First Principles Based Computational Framework to Study the Nano and Biomimetic Properties of Hydrogel Polymer Networks for Human Hyaline Cartilage Scaffold-Supported Cell Therapy

基于第一原理的计算框架研究用于人类透明软骨支架支持细胞治疗的水凝胶聚合物网络的纳米和仿生特性

• 批准号: 0727870
• 负责人: William Goddard
• 金额: $ 25万
• 依托单位: California Institute of Technology
• 依托单位国家: 美国
• 项目类别: Standard Grant
• 财政年份: 2007
• 资助国家: 美国
• 起止时间: 2007-08-01 至 2010-07-31
• 项目状态: 已结题
• 来源: https://www.nsf.gov/awardsearch/showAward?AWD_ID=0727870&HistoricalAwards=false
• 关键词: First; Principles; Based; Computational; Framework

This research will develop a strategy for using first principles theory and computation to determine the atomistic details of polymer hydrogel double network structures applicable in the development of scaffold-supported cell therapies to promote cartilage regeneration. Recent advances in first-principles-based molecular simulations that allow the description of systems with 1,000s-millions of atoms with chemical and structural detail at the Materials and Processing Simulation Center in the California Institute of Technology will enable the essential framework to: 1) simulate the critical nano bio-mechanical properties of gel polymer networks, including mechanoregulation, and 2) develop an increased understanding of fundamental mechanisms that regulate in-vivo performance for the development of new/enhanced materials. This work will validate the strategy on prototypical systems and set the stage for important applications in Tissue Engineering.This research is critical to improve our understanding of, and to enhance our ability to emulate the, nano-mechanical properties of natural cartilage. Cartilage has a limited self-repair capacity and traditional therapies for musculoskeletal conditions involving cartilaginous tissue have relied on surgical procedures for full joint replacements when local repair/replacement is not possible; these methods have proven to be ineffective in the long-term. Musculoskeletal conditions remain as one of the major health concerns in the United States imposing a huge economic load on individual/public health care costs, leading to prolonged disabilities and decreased productivity of our workforce, with further socio-economic impact. Engineering/Science students will be recruited for this research and findings incorporated into a course on "Atomistic Simulation of Materials" at Caltech.

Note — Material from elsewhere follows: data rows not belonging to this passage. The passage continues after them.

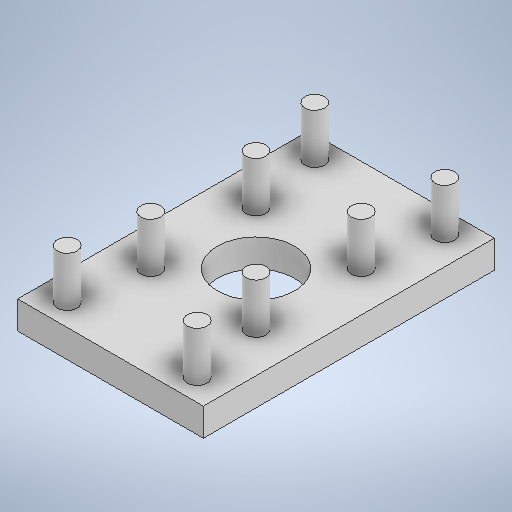
# Autodesk Inventor part: Plate2
Saved by Autodesk Inventor 2027 (Build 310192060, 192F)
## iProperties
Created: 2026-07-07
Part Number: Plate2
Material: Generic
Document SubType Name: Modeling
Designer: 13129
Density: 1 g/cm^3
Appearance: Default
Author: 13129
Autodesk Inventor part; units mm, degrees
ref_plane "YZ Plane" through (0, 0, 0) normal (1, 0, 0) x (0, 1, 0)
ref_plane "XZ Plane" through (0, 0, 0) normal (0, 1, 0) x (-1, 0, 0)
ref_plane "XY Plane" through (0, 0, 0) normal (0, 0, 1) x (1, 0, 0)
sketch "Sketch1" plane through (0, 0, 0) normal (0, 1, 0) x (-1, 0, 0)
  line L0 (0, 0) -> (0, -47)
  line L1 (0, -47) -> (30, -47)
  line L2 (30, -47) -> (30, 0)
  line L3 (30, 0) -> (0, 0)
  circle A0 centre (15, -23.5) radius 6.25
  circle A1 centre (6.5, -32) radius 1.6
  circle A2 centre (23.5, -32) radius 1.6
  circle A3 centre (25.5, -43.5) radius 1.6
  circle A4 centre (4.5, -43.5) radius 1.6
  circle A5 centre (6.5, -15) radius 1.6
  circle A6 centre (23.5, -15) radius 1.6
  circle A7 centre (25.5, -3.5) radius 1.6
  circle A8 centre (4.5, -3.5) radius 1.6
  line L4 (23.5, -32) -> (6.5, -32)
  line L5 (6.5, -32) -> (6.5, -15)
  line L6 (25.5, -43.5) -> (4.5, -43.5)
  line L7 (4.5, -43.5) -> (4.5, -3.5)
  point P0 (30, -23.5)
  point P1 (15, -47)
  point P2 (4.5, -23.5)
  point P3 (0, -23.5)
  point P4 (15, -43.5)
  point P5 (15, -32)
  point P6 (15, 0)
  point P7 (6.5, -23.5)
  dimension "d0" = 47
  dimension "d1" = 30
  dimension "d2" = 3.2
  dimension "d3" = 12.5
  dimension "d4" = 40
  dimension "d5" = 21
  dimension "d6" = 17
  dimension "d7" = 17
  constraints: 16 end point, 9 centre point, 8 midpoint, 7 equal radius, 7 horizontal alignment, 7 vertical alignment, 5 perpendicular, 2 horizontal, 1 vertical
  measures "d0" distance of L0.start L0.end
  measures "d1" distance of L0.end L1.end
  measures "d2" diameter of A3
  measures "d3" diameter of A0
  measures "d4" distance of L6.end L7.end
  measures "d5" distance of L6.start L6.end
  measures "d6" distance of L4.end L5.end
  measures "d7" distance of L4.start L4.end
extrude "Extrusion1" add sketch "Sketch1" along normal blind 4.5
sketch "Sketch2" plane through (0, 0, 0) normal (0, -1, 0) x (1, 0, 0)
  circle A0 centre (-4.5, -3.5) radius 1.6 construction
  circle A1 centre (-4.5, -43.5) radius 1.6 construction
  circle A2 centre (-6.5, -15) radius 1.6 construction
  circle A3 centre (-23.5, -32) radius 1.6 construction
  circle A4 centre (-6.5, -32) radius 1.6 construction
  circle A5 centre (-25.5, -43.5) radius 1.6 construction
  circle A6 centre (-23.5, -15) radius 1.6 construction
  circle A7 centre (-25.5, -3.5) radius 1.6 construction
  circle A8 centre (-25.5, -43.5) radius 1.6
  circle A9 centre (-4.5, -43.5) radius 1.6
  circle A10 centre (-6.5, -32) radius 1.6
  circle A11 centre (-6.5, -15) radius 1.6
  circle A12 centre (-4.5, -3.5) radius 1.6
  circle A13 centre (-25.5, -3.5) radius 1.6
  circle A14 centre (-23.5, -15) radius 1.6
  circle A15 centre (-23.5, -32) radius 1.6
  constraints: 8 centre point, 8 coincident, 8 concentric
extrude "Extrusion2" add sketch "Sketch2" against normal blind 12.5
body "Solid1"
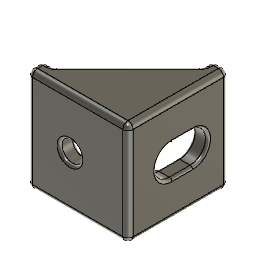
1) Custom PLA Corner Bracket (Autodesk Fusion 360 design; units mm, degrees)
Autodesk Fusion 360 part; units mm, degrees
ref_plane "WorkPlane1" through (0, 0, 0) normal (0, 0, 1) x (1, 0, 0)
sketch "Sketch1" plane through (0, 0, 0) normal (0, 0, 1) x (1, 0, 0)
  line L0 (0, 0) -> (19.5, 0)
  line L1 (19.5, 0) -> (19.5, 19.5)
  line L2 (19.5, 19.5) -> (0, 19.5)
  line L3 (0, 19.5) -> (0, 0)
  line L4 (0, 3) -> (2, 3)
  line L5 (2, 3) -> (16.5, 17.5)
  line L6 (16.5, 17.5) -> (16.5, 19.5)
  dimension "d2" = 19.5
  dimension "d3" = 19.5
  dimension "d4" = 45
  dimension "d5" = 3
  dimension "d7" = 3
  dimension "d8" = 2
  constraint horizontal L0
  constraint vertical L1
  constraint horizontal L2
  constraint vertical L3
  constraint coincident L0.start L3.end
  constraint coincident L3 L4.start
  constraint perpendicular L3 L4
  constraint coincident L2 L6.end
  constraint perpendicular L2 L6
  measures "d2" distance of L0.start L0.end
  measures "d3" distance of L0.start L2.end
  measures "d4" angle of L0 L5
  measures "d5" distance of L1 L6
  measures "d7" distance of L0 L4
  measures "d8" distance of L2 L5.end
extrude "Extrude1" add sketch "Sketch1" along normal blind 3 contours L0 L1 L2 L3 L4 L5 L6
sketch "Sketch2" plane through (0, 0, 3) normal (0, 0, 1) x (-1, 0, 0)
  line L0 (0, -3) -> (0, 0)
  line L1 (0, 0) -> (-19.5, 0)
  line L2 (-19.5, 0) -> (-19.5, -19.5)
  line L3 (-19.5, -19.5) -> (-16.5, -19.5)
  line L4 (-16.5, -19.5) -> (-16.5, -17.5)
  line L5 (-16.5, -17.5) -> (-2, -3)
  line L6 (-2, -3) -> (0, -3)
  line L7 (-2, -3) -> (-16.5, -3)
  line L8 (-16.5, -3) -> (-16.5, -17.5)
  line L9 (-16.5, -17.5) -> (-2, -17.5)
  line L10 (-2, -17.5) -> (-2, -3)
  constraint horizontal L7
  constraint vertical L8
  constraint horizontal L9
  constraint vertical L10
  constraint coincident L4.end L5.start
  constraint coincident L5.end L6.start
extrude "Extrude2" add sketch "Sketch2" along normal blind 14 contours L0 L1 L2 L3 L4 L6 L7 L8
ref_plane "WorkPlane2" through (9.75, 9.75, 17) normal (0, 0, 1) x (1, 0, 0)
sketch "Sketch3" plane through (0, 0, 17) normal (0, 0, 1) x (1, 0, 0)
  line L0 (0, 0) -> (0, 3)
  line L1 (0, 3) -> (2, 3)
  line L2 (2, 3) -> (16.5, 17.5)
  line L3 (16.5, 17.5) -> (16.5, 19.5)
  line L4 (16.5, 19.5) -> (19.5, 19.5)
  line L5 (19.5, 19.5) -> (19.5, 0)
  line L6 (19.5, 0) -> (0, 0)
extrude "Extrude3" add sketch "Sketch3" along normal blind 3
sketch "Sketch4" plane through (16.5, 0, 0) normal (-1, 0, 0) x (0, -1, 0)
  line L0 (-19.5, 0) -> (-17.5, 0)
  line L1 (-17.5, 0) -> (-17.5, 3)
  line L2 (-17.5, 3) -> (-3, 3)
  line L3 (-3, 3) -> (-3, 17)
  line L4 (-3, 17) -> (-17.5, 17)
  line L5 (-17.5, 17) -> (-17.5, 20)
  line L6 (-17.5, 20) -> (-19.5, 20)
  line L7 (-19.5, 20) -> (-19.5, 0)
  line L8 (-15.5, 13) -> (-5.5, 13)
  line L9 (-5.5, 13) -> (-5.5, 7)
  line L10 (-5.5, 7) -> (-15.5, 7)
  line L11 (-15.5, 7) -> (-15.5, 13)
  arc A0 (-8.5, 7) -> (-8.5, 13) centre (-8.5, 10) ccw
  arc A1 (-12.5, 13) -> (-12.5, 7) centre (-12.5, 10) ccw
  line L12 (-10.5, 13) -> (-10.5, 10)
  dimension "d16" = 6
  dimension "d17" = 6
  dimension "d18" = 10
  dimension "d19" = 6
  dimension "d20" = 4
  dimension "d21" = 7
  dimension "d36" = 3
  constraint horizontal L8
  constraint vertical L9
  constraint horizontal L10
  constraint vertical L11
  constraint tangent L8 A1
  constraint tangent L11 A1
  constraint tangent L9 A0
  constraint tangent L8 A0
  constraint coincident L8 A0.end
  constraint coincident L8 A1.start
  constraint coincident L10 A0.start
  constraint coincident L10 A1.end
  constraint midpoint L8 L12.start
  constraint perpendicular L8 L12
  measures "d17" diameter of A0
  measures "d18" distance of L8.start L8.end
  measures "d19" distance of L8.start L10.end
  measures "d20" distance of L7 L11
  measures "d21" distance of L6 L8
  measures "d36" distance of L12.start L12.end
sketch "Sketch5" plane through (0, 3, 0) normal (0, 1, 0) x (-1, 0, 0)
  line L0 (-2, 0) -> (0, 0)
  line L1 (0, 0) -> (0, 20)
  line L2 (0, 20) -> (-2, 20)
  line L3 (-2, 20) -> (-2, 17)
  line L4 (-2, 17) -> (-16.5, 17)
  line L5 (-16.5, 17) -> (-16.5, 3)
  line L6 (-16.5, 3) -> (-2, 3)
  line L7 (-2, 3) -> (-2, 0)
  line L8 (-2, 0) -> (-16.5, 0)
  line L9 (0, 20) -> (-19.5, 20)
  line L10 (0, 0) -> (0, 20)
  line L11 (-16.5, 17) -> (-2, 17)
  line L12 (-2, 17) -> (0, 17)
  line L13 (0, 10) -> (-8.25, 10)
  line L14 (-8.25, 10) -> (-8.25, 17)
  circle A0 centre (-8.25, 10) radius 2
  dimension "d41" = 8.25
  dimension "d42" = 4
  constraint coincident L3.end L4.start
  constraint coincident L1 L12.end
  constraint perpendicular L1 L12
  constraint midpoint L1 L13.start
  constraint perpendicular L1 L13
  constraint coincident L11 L14.end
  constraint perpendicular L11 L14
  constraint coincident L13.end L14.start
  measures "d41" distance of L10 L14
  measures "d42" diameter of A0
extrude "Extrude4" cut sketch "Sketch4" against normal blind 3 contours L8 L10 A0 A1
extrude "Extrude5" cut sketch "Sketch5" against normal blind 3 contours L13 L14 A0 | L13 L14 A0
fillet "Fillet1" radius 1 30 edges at (19.5, 9.75, 0) (9.75, 0, 0) (19.5, 0, 10) (19.5, 9.75, 20) (9.75, 0, 20) (0, 0, 10) (0, 3, 10) (0, 1.5, 20) (0, 1.5, 0) (1, 3, 0) (9.25, 10.25, 0) (16.5, 18.5, 0) (18, 19.5, 0) (16.5, 19.5, 10) (18, 19.5, 20) (16.5, 18.5, 20) (9.25, 10.25, 20) (1, 3, 20) (2, 3, 18.5) (16.5, 17.5, 18.5) (16.5, 17.5, 1.5) (2, 3, 1.5) (16.5, 10.25, 3) (16.5, 3, 10) (16.5, 10.25, 17) (9.25, 3, 17) (9.25, 10.25, 17) (9.25, 10.25, 3) (9.25, 3, 3) (19.5, 19.5, 10)
fillet "Fillet2" radius 0.5 10 edges at (16.5, 10.5, 7) (16.5, 15.5, 10) (16.5, 10.5, 13) (16.5, 5.5, 10) (19.5, 10.5, 13) (19.5, 15.5, 10) (19.5, 10.5, 7) (19.5, 5.5, 10) (10.1147, 0, 9.2768) (10.1147, 3, 10.7232)
ref_plane "WorkPlane3" through (9.75, 9.75, 10) normal (0, 0, 1) x (1, 0, 0)
ref_plane "WorkPlane4" through (9.75, 14, 10) normal (0, -1, 0) x (1, 0, 0)
ref_plane "WorkPlane5" through (5.5, 9.75, 10) normal (1, 0, 0) x (0, 1, 0)
named bodies: "Custom 8020 Corner Bracket"

这项研究将开发一种策略，利用第一性原理理论和计算来确定聚合物水凝胶双网络结构的原子学细节，适用于支架支持的细胞疗法的开发，以促进软骨再生。加州理工大学材料与加工模拟中心基于第一性原理的分子模拟技术的最新进展，可以描述具有1,000-数百万个原子的系统，并提供详细的化学和结构信息，这将使基本框架能够实现：1)模拟凝胶聚合物网络的关键纳米生物机械性能，包括机械调节，以及2)加深对调节体内性能的基本机制的理解，以开发新型/增强型材料。这项工作将在原型系统上验证该策略，并为组织工程中的重要应用奠定基础。这项研究对于提高我们对天然软骨的纳米力学性能的理解和增强我们的模拟能力至关重要。软骨的自我修复能力有限，涉及软骨组织的肌肉骨骼疾病的传统治疗方法依赖于外科手术，在局部修复/替换不可能的情况下进行完全关节置换；这些方法已被证明长期无效。肌肉骨骼疾病仍然是美国的主要健康问题之一，给个人/公共卫生保健费用带来了巨大的经济负担，导致长期残疾和劳动力生产率下降，并产生进一步的社会经济影响。工程/科学专业的学生将被招募参加这项研究，研究结果将被纳入加州理工大学的一门关于材料的原子模拟的课程。